# Electric signs, 1935.



## Big John (May 23, 2010)

Neat, very simple idea behind the motograph design. 

The old "Sauer's Vanilla" sign in Richmond had chaser lights and would illuminate in sections, and as far as I know is the original design from the early 1900's. I always wondered what mechanism they used to run it.


----------



## HARRY304E (Sep 15, 2010)

JRaef said:


> Though this might be interesting for many of us. It has aspects of electric signs, lighting, controls and worker safety to help you appreciate the world we live in now just a little more...
> 
> 
> Click image for link to video. It starts off slow and you think it's stuck, but it isn't.
> ...


Good man...


----------



## JRaef (Mar 23, 2009)

Here is another one, more specific to "Electricians".


Click on image for link.

It made me think about the fact that I had NEVER seen anything like this growing up. Are we missing the boat by not exposing our youth to the trades?

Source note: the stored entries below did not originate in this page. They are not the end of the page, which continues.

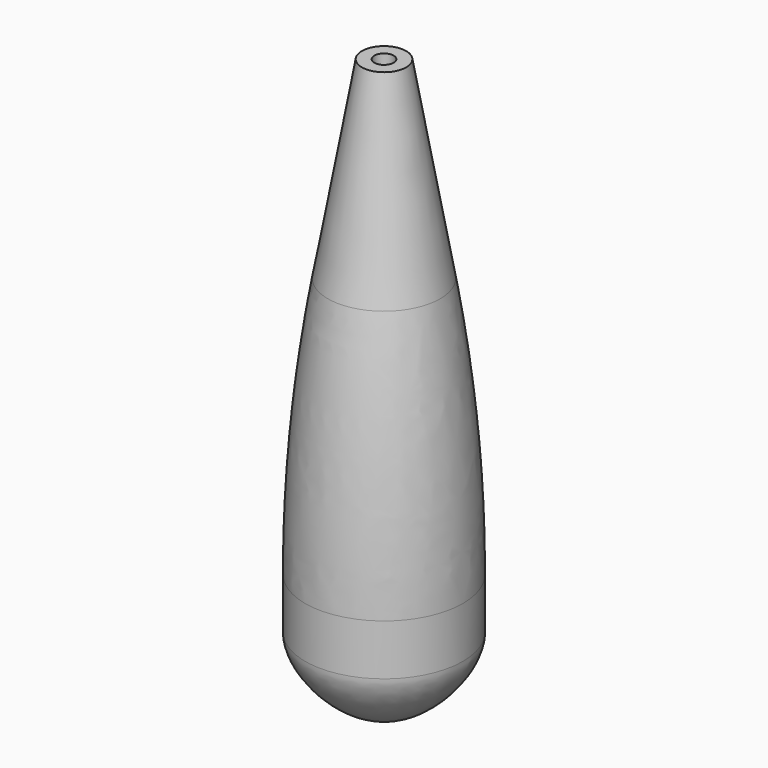
from build123d import *

# Parameters (mm, degrees)
F0_R     = 13.75969411
F1_DEPTH = 100
F3_DEPTH = 100.001
F4_SIZE2 = 56.1456900142
F4_SIZE  = 9.9
F5_R     = 261.7912381488


# Not quite as in the source:
# - a fillet or chamfer that OpenCascade refuses, or shapes differently, is made with other operations: its cross-section is extruded or revolved along the edge and cut away or added


with BuildPart() as f1:
    # F0 (on Top) → F1 (new body)
    with BuildSketch(Plane.XY):
        with Locations((-55.1216676831, -44.3151853979)):
            Circle(F0_R)
    extrude(amount=F1_DEPTH)

    # F2: fillet of radius 12.0710678119 on 1 edges, made by hand

    # F2_s1 → F2_t2 (revolve, cut)
    with BuildSketch(Plane.XZ.offset(44.3151853979)):
        with BuildLine():
            add(Edge.make_bspline(
                [(-41.3619735731, 12.0710678119), (-41.3619735731, 0), (-53.433041385, 0)],
                knots=[0, 0, 0, 1, 1, 1], degree=2, weights=[1, 0.4285714286, 1]))
            Line((-53.433041385, 0), (-41.3619735731, 0))
            Line((-41.3619735731, 0), (-41.3619735731, 12.0710678119))
        make_face()
    revolve(axis=Axis((-55.1216676831, -44.3151853979, 0), (0, 0, 1)), mode=Mode.SUBTRACT)

    # F3 (cut, through all): a face of the model
    f3_faces = [f1.faces().sort_by_distance(p)[0] for p in [
        (-55.1216676831, -44.3151853979, 0),
    ]]
    extrude(f3_faces, amount=-F3_DEPTH, mode=Mode.SUBTRACT)

    # F4
    f4_edges = [f1.edges().sort_by_distance(p)[0] for p in [
        (-68.881362, -44.315185, 100),
    ]]
    f4_side = f1.faces().sort_by_distance((-68.492179, -44.315185, 100))[0]
    chamfer(f4_edges, length=F4_SIZE, length2=F4_SIZE2, reference=f4_side)

    # F5
    f5_edges = [f1.edges().sort_by_distance(p)[0] for p in [
        (-68.881362, -44.315185, 43.85431),
    ]]
    fillet(f5_edges, radius=F5_R)


solid = f1.part

Or was stuff like this killed because too many people were trying to get in?


----------



## guest (Feb 21, 2009)

JRaef said:


> Here is another one, more specific to "Electricians".
> 
> 
> Click on image for link.
> ...


To your first question, absolutely yes. 

To the second question, it is the safety Nazis that killed off stuff like this. In my elementary school we had 120v teaching aids with knife switches, etc. Can't do that now because kids and too many teachers are dumb enough to get hurt. :whistling2:


----------



## LGLS (Nov 10, 2007)

It's sad how all the work in toaster, waffle iron, and oscillating fan repair just dried up!


----------



## robmac85 (Nov 20, 2013)

Very cool! What a job it must have been to build that and then maintain all of those lamps and keep all those contacts clean! Things like this facinate me more than the computer controlled assemblies of today haha.


----------